What is required
Word for word, copy the entire listing below, but do not carry over any pictures.
Task material Block Start
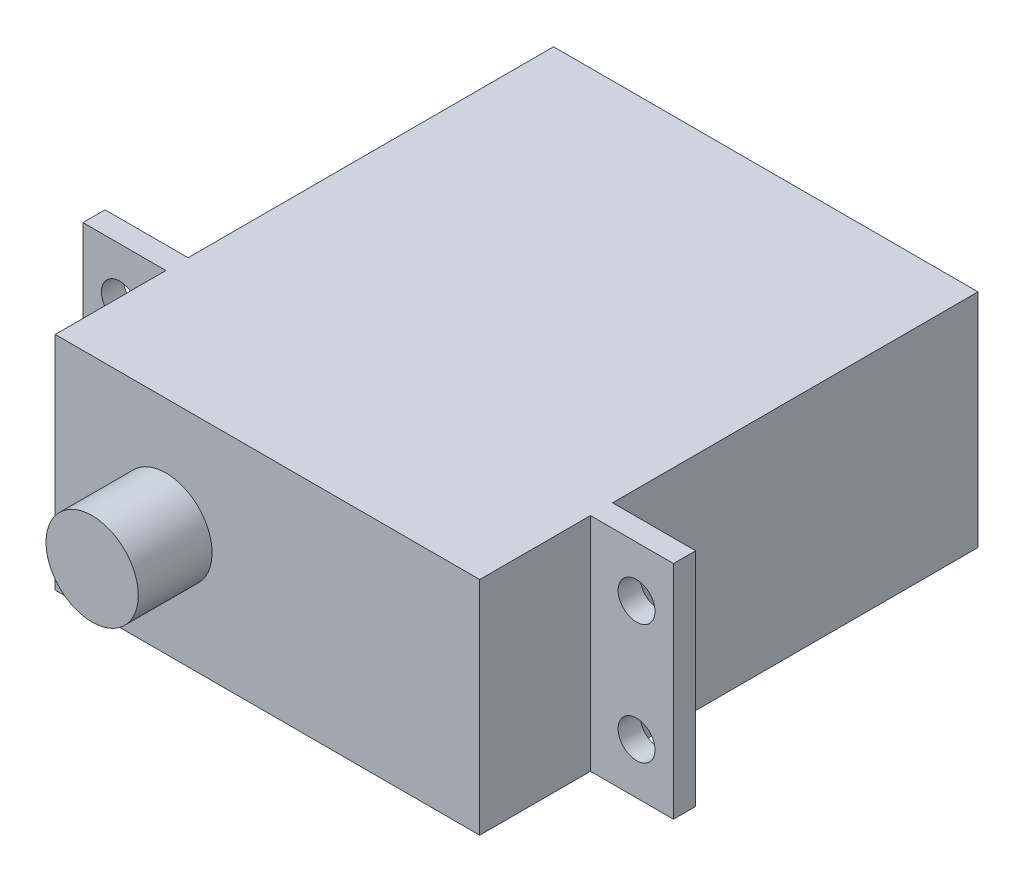
ISO-10303-21;
HEADER;
FILE_DESCRIPTION(('STEP AP214'),'2;1');
FILE_NAME('part.step','',(''),(''),'','','');
FILE_SCHEMA(('AUTOMOTIVE_DESIGN { 1 0 10303 214 1 1 1 1 }'));
ENDSEC;
DATA;
#1=APPLICATION_CONTEXT('core data for automotive mechanical design processes');
#2=APPLICATION_PROTOCOL_DEFINITION('international standard','automotive_design',2000,#1);
#3=PRODUCT_CONTEXT('',#1,'mechanical');
#4=PRODUCT('Part','Part','',(#3));
#5=PRODUCT_RELATED_PRODUCT_CATEGORY('part','',(#4));
#6=PRODUCT_DEFINITION_FORMATION('','',#4);
#7=PRODUCT_DEFINITION_CONTEXT('part definition',#1,'design');
#8=PRODUCT_DEFINITION('design','',#6,#7);
#9=PRODUCT_DEFINITION_SHAPE('','',#8);
#10=(LENGTH_UNIT() NAMED_UNIT(*) SI_UNIT(.MILLI.,.METRE.));
#11=(NAMED_UNIT(*) PLANE_ANGLE_UNIT() SI_UNIT($,.RADIAN.));
#12=(NAMED_UNIT(*) SI_UNIT($,.STERADIAN.) SOLID_ANGLE_UNIT());
#13=UNCERTAINTY_MEASURE_WITH_UNIT(LENGTH_MEASURE(1.E-05),#10,'distance_accuracy_value','');
#14=(GEOMETRIC_REPRESENTATION_CONTEXT(3) GLOBAL_UNCERTAINTY_ASSIGNED_CONTEXT((#13)) GLOBAL_UNIT_ASSIGNED_CONTEXT((#10,
#11,#12)) REPRESENTATION_CONTEXT('',''));
#15=CARTESIAN_POINT('',(0.,0.,0.));
#16=DIRECTION('',(0.,0.,1.));
#17=DIRECTION('',(1.,0.,0.));
#18=AXIS2_PLACEMENT_3D('',#15,#16,#17);
#19=CARTESIAN_POINT('',(11.5,-6.,27.));
#20=DIRECTION('',(-1.,0.,0.));
#21=DIRECTION('',(0.,-1.,0.));
#22=AXIS2_PLACEMENT_3D('',#19,#20,#21);
#23=PLANE('',#22);
#24=DIRECTION('',(0.,1.,0.));
#25=VECTOR('',#24,1.);
#26=CARTESIAN_POINT('',(11.5,-6.,19.8));
#27=LINE('',#26,#25);
#28=CARTESIAN_POINT('',(11.5,-6.,19.8));
#29=VERTEX_POINT('',#28);
#30=CARTESIAN_POINT('',(11.5,6.,19.8));
#31=VERTEX_POINT('',#30);
#32=EDGE_CURVE('E145',#29,#31,#27,.T.);
#33=ORIENTED_EDGE('',*,*,#32,.F.);
#34=DIRECTION('',(0.,0.,-1.));
#35=VECTOR('',#34,1.);
#36=CARTESIAN_POINT('',(11.5,-6.,27.));
#37=LINE('',#36,#35);
#38=CARTESIAN_POINT('',(11.5,-6.,0.));
#39=VERTEX_POINT('',#38);
#40=EDGE_CURVE('E194',#29,#39,#37,.T.);
#41=ORIENTED_EDGE('',*,*,#40,.T.);
#42=DIRECTION('',(0.,1.,0.));
#43=VECTOR('',#42,1.);
#44=CARTESIAN_POINT('',(11.5,-6.,0.));
#45=LINE('',#44,#43);
#46=CARTESIAN_POINT('',(11.5,6.,0.));
#47=VERTEX_POINT('',#46);
#48=EDGE_CURVE('E183',#39,#47,#45,.T.);
#49=ORIENTED_EDGE('',*,*,#48,.T.);
#50=DIRECTION('',(0.,0.,-1.));
#51=VECTOR('',#50,1.);
#52=CARTESIAN_POINT('',(11.5,6.,27.));
#53=LINE('',#52,#51);
#54=EDGE_CURVE('E216',#31,#47,#53,.T.);
#55=ORIENTED_EDGE('',*,*,#54,.F.);
#56=EDGE_LOOP('',(#33,#41,#49,#55));
#57=FACE_BOUND('',#56,.T.);
#58=ADVANCED_FACE('F36',(#57),#23,.F.);
#59=CARTESIAN_POINT('',(-11.5,-6.,27.));
#60=DIRECTION('',(1.,0.,0.));
#61=DIRECTION('',(0.,0.,-1.));
#62=AXIS2_PLACEMENT_3D('',#59,#60,#61);
#63=PLANE('',#62);
#64=DIRECTION('',(0.,-1.,0.));
#65=VECTOR('',#64,1.);
#66=CARTESIAN_POINT('',(-11.5,-6.,19.8));
#67=LINE('',#66,#65);
#68=CARTESIAN_POINT('',(-11.5,6.,19.8));
#69=VERTEX_POINT('',#68);
#70=CARTESIAN_POINT('',(-11.5,-6.,19.8));
#71=VERTEX_POINT('',#70);
#72=EDGE_CURVE('E180',#69,#71,#67,.T.);
#73=ORIENTED_EDGE('',*,*,#72,.F.);
#74=DIRECTION('',(0.,0.,-1.));
#75=VECTOR('',#74,1.);
#76=CARTESIAN_POINT('',(-11.5,6.,27.));
#77=LINE('',#76,#75);
#78=CARTESIAN_POINT('',(-11.5,6.,0.));
#79=VERTEX_POINT('',#78);
#80=EDGE_CURVE('E212',#69,#79,#77,.T.);
#81=ORIENTED_EDGE('',*,*,#80,.T.);
#82=DIRECTION('',(0.,-1.,0.));
#83=VECTOR('',#82,1.);
#84=CARTESIAN_POINT('',(-11.5,-6.,0.));
#85=LINE('',#84,#83);
#86=CARTESIAN_POINT('',(-11.5,-6.,0.));
#87=VERTEX_POINT('',#86);
#88=EDGE_CURVE('E200',#79,#87,#85,.T.);
#89=ORIENTED_EDGE('',*,*,#88,.T.);
#90=DIRECTION('',(0.,0.,-1.));
#91=VECTOR('',#90,1.);
#92=CARTESIAN_POINT('',(-11.5,-6.,27.));
#93=LINE('',#92,#91);
#94=EDGE_CURVE('E208',#71,#87,#93,.T.);
#95=ORIENTED_EDGE('',*,*,#94,.F.);
#96=EDGE_LOOP('',(#73,#81,#89,#95));
#97=FACE_BOUND('',#96,.T.);
#98=ADVANCED_FACE('F279',(#97),#63,.F.);
#99=CARTESIAN_POINT('',(11.5,-6.,27.));
#100=VERTEX_POINT('',#99);
#101=CARTESIAN_POINT('',(11.5,-6.,21.));
#102=VERTEX_POINT('',#101);
#103=EDGE_CURVE('E205',#100,#102,#37,.T.);
#104=ORIENTED_EDGE('',*,*,#103,.T.);
#105=DIRECTION('',(0.,1.,0.));
#106=VECTOR('',#105,1.);
#107=CARTESIAN_POINT('',(11.5,-6.,21.));
#108=LINE('',#107,#106);
#109=CARTESIAN_POINT('',(11.5,6.,21.));
#110=VERTEX_POINT('',#109);
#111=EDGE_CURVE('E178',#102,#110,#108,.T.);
Task material Block End
Exercise response
ISO-10303-21;
HEADER;
FILE_DESCRIPTION(('STEP AP214'),'2;1');
FILE_NAME('part.step','',(''),(''),'','','');
FILE_SCHEMA(('AUTOMOTIVE_DESIGN { 1 0 10303 214 1 1 1 1 }'));
ENDSEC;
DATA;
#1=APPLICATION_CONTEXT('core data for automotive mechanical design processes');
#2=APPLICATION_PROTOCOL_DEFINITION('international standard','automotive_design',2000,#1);
#3=PRODUCT_CONTEXT('',#1,'mechanical');
#4=PRODUCT('Part','Part','',(#3));
#5=PRODUCT_RELATED_PRODUCT_CATEGORY('part','',(#4));
#6=PRODUCT_DEFINITION_FORMATION('','',#4);
#7=PRODUCT_DEFINITION_CONTEXT('part definition',#1,'design');
#8=PRODUCT_DEFINITION('design','',#6,#7);
#9=PRODUCT_DEFINITION_SHAPE('','',#8);
#10=(LENGTH_UNIT() NAMED_UNIT(*) SI_UNIT(.MILLI.,.METRE.));
#11=(NAMED_UNIT(*) PLANE_ANGLE_UNIT() SI_UNIT($,.RADIAN.));
#12=(NAMED_UNIT(*) SI_UNIT($,.STERADIAN.) SOLID_ANGLE_UNIT());
#13=UNCERTAINTY_MEASURE_WITH_UNIT(LENGTH_MEASURE(1.E-05),#10,'distance_accuracy_value','');
#14=(GEOMETRIC_REPRESENTATION_CONTEXT(3) GLOBAL_UNCERTAINTY_ASSIGNED_CONTEXT((#13)) GLOBAL_UNIT_ASSIGNED_CONTEXT((#10,
#11,#12)) REPRESENTATION_CONTEXT('',''));
#15=CARTESIAN_POINT('',(0.,0.,0.));
#16=DIRECTION('',(0.,0.,1.));
#17=DIRECTION('',(1.,0.,0.));
#18=AXIS2_PLACEMENT_3D('',#15,#16,#17);
#19=CARTESIAN_POINT('',(11.5,-6.,27.));
#20=DIRECTION('',(-1.,0.,0.));
#21=DIRECTION('',(0.,-1.,0.));
#22=AXIS2_PLACEMENT_3D('',#19,#20,#21);
#23=PLANE('',#22);
#24=DIRECTION('',(0.,1.,0.));
#25=VECTOR('',#24,1.);
#26=CARTESIAN_POINT('',(11.5,-6.,19.8));
#27=LINE('',#26,#25);
#28=CARTESIAN_POINT('',(11.5,-6.,19.8));
#29=VERTEX_POINT('',#28);
#30=CARTESIAN_POINT('',(11.5,6.,19.8));
#31=VERTEX_POINT('',#30);
#32=EDGE_CURVE('E145',#29,#31,#27,.T.);
#33=ORIENTED_EDGE('',*,*,#32,.F.);
#34=DIRECTION('',(0.,0.,-1.));
#35=VECTOR('',#34,1.);
#36=CARTESIAN_POINT('',(11.5,-6.,27.));
#37=LINE('',#36,#35);
#38=CARTESIAN_POINT('',(11.5,-6.,0.));
#39=VERTEX_POINT('',#38);
#40=EDGE_CURVE('E194',#29,#39,#37,.T.);
#41=ORIENTED_EDGE('',*,*,#40,.T.);
#42=DIRECTION('',(0.,1.,0.));
#43=VECTOR('',#42,1.);
#44=CARTESIAN_POINT('',(11.5,-6.,0.));
#45=LINE('',#44,#43);
#46=CARTESIAN_POINT('',(11.5,6.,0.));
#47=VERTEX_POINT('',#46);
#48=EDGE_CURVE('E183',#39,#47,#45,.T.);
#49=ORIENTED_EDGE('',*,*,#48,.T.);
#50=DIRECTION('',(0.,0.,-1.));
#51=VECTOR('',#50,1.);
#52=CARTESIAN_POINT('',(11.5,6.,27.));
#53=LINE('',#52,#51);
#54=EDGE_CURVE('E216',#31,#47,#53,.T.);
#55=ORIENTED_EDGE('',*,*,#54,.F.);
#56=EDGE_LOOP('',(#33,#41,#49,#55));
#57=FACE_BOUND('',#56,.T.);
#58=ADVANCED_FACE('F36',(#57),#23,.F.);
#59=CARTESIAN_POINT('',(-11.5,-6.,27.));
#60=DIRECTION('',(1.,0.,0.));
#61=DIRECTION('',(0.,0.,-1.));
#62=AXIS2_PLACEMENT_3D('',#59,#60,#61);
#63=PLANE('',#62);
#64=DIRECTION('',(0.,-1.,0.));
#65=VECTOR('',#64,1.);
#66=CARTESIAN_POINT('',(-11.5,-6.,19.8));
#67=LINE('',#66,#65);
#68=CARTESIAN_POINT('',(-11.5,6.,19.8));
#69=VERTEX_POINT('',#68);
#70=CARTESIAN_POINT('',(-11.5,-6.,19.8));
#71=VERTEX_POINT('',#70);
#72=EDGE_CURVE('E180',#69,#71,#67,.T.);
#73=ORIENTED_EDGE('',*,*,#72,.F.);
#74=DIRECTION('',(0.,0.,-1.));
#75=VECTOR('',#74,1.);
#76=CARTESIAN_POINT('',(-11.5,6.,27.));
#77=LINE('',#76,#75);
#78=CARTESIAN_POINT('',(-11.5,6.,0.));
#79=VERTEX_POINT('',#78);
#80=EDGE_CURVE('E212',#69,#79,#77,.T.);
#81=ORIENTED_EDGE('',*,*,#80,.T.);
#82=DIRECTION('',(0.,-1.,0.));
#83=VECTOR('',#82,1.);
#84=CARTESIAN_POINT('',(-11.5,-6.,0.));
#85=LINE('',#84,#83);
#86=CARTESIAN_POINT('',(-11.5,-6.,0.));
#87=VERTEX_POINT('',#86);
#88=EDGE_CURVE('E200',#79,#87,#85,.T.);
#89=ORIENTED_EDGE('',*,*,#88,.T.);
#90=DIRECTION('',(0.,0.,-1.));
#91=VECTOR('',#90,1.);
#92=CARTESIAN_POINT('',(-11.5,-6.,27.));
#93=LINE('',#92,#91);
#94=EDGE_CURVE('E208',#71,#87,#93,.T.);
#95=ORIENTED_EDGE('',*,*,#94,.F.);
#96=EDGE_LOOP('',(#73,#81,#89,#95));
#97=FACE_BOUND('',#96,.T.);
#98=ADVANCED_FACE('F279',(#97),#63,.F.);
#99=CARTESIAN_POINT('',(11.5,-6.,27.));
#100=VERTEX_POINT('',#99);
#101=CARTESIAN_POINT('',(11.5,-6.,21.));
#102=VERTEX_POINT('',#101);
#103=EDGE_CURVE('E205',#100,#102,#37,.T.);
#104=ORIENTED_EDGE('',*,*,#103,.T.);
#105=DIRECTION('',(0.,1.,0.));
#106=VECTOR('',#105,1.);
#107=CARTESIAN_POINT('',(11.5,-6.,21.));
#108=LINE('',#107,#106);
#109=CARTESIAN_POINT('',(11.5,6.,21.));
#110=VERTEX_POINT('',#109);
#111=EDGE_CURVE('E178',#102,#110,#108,.T.);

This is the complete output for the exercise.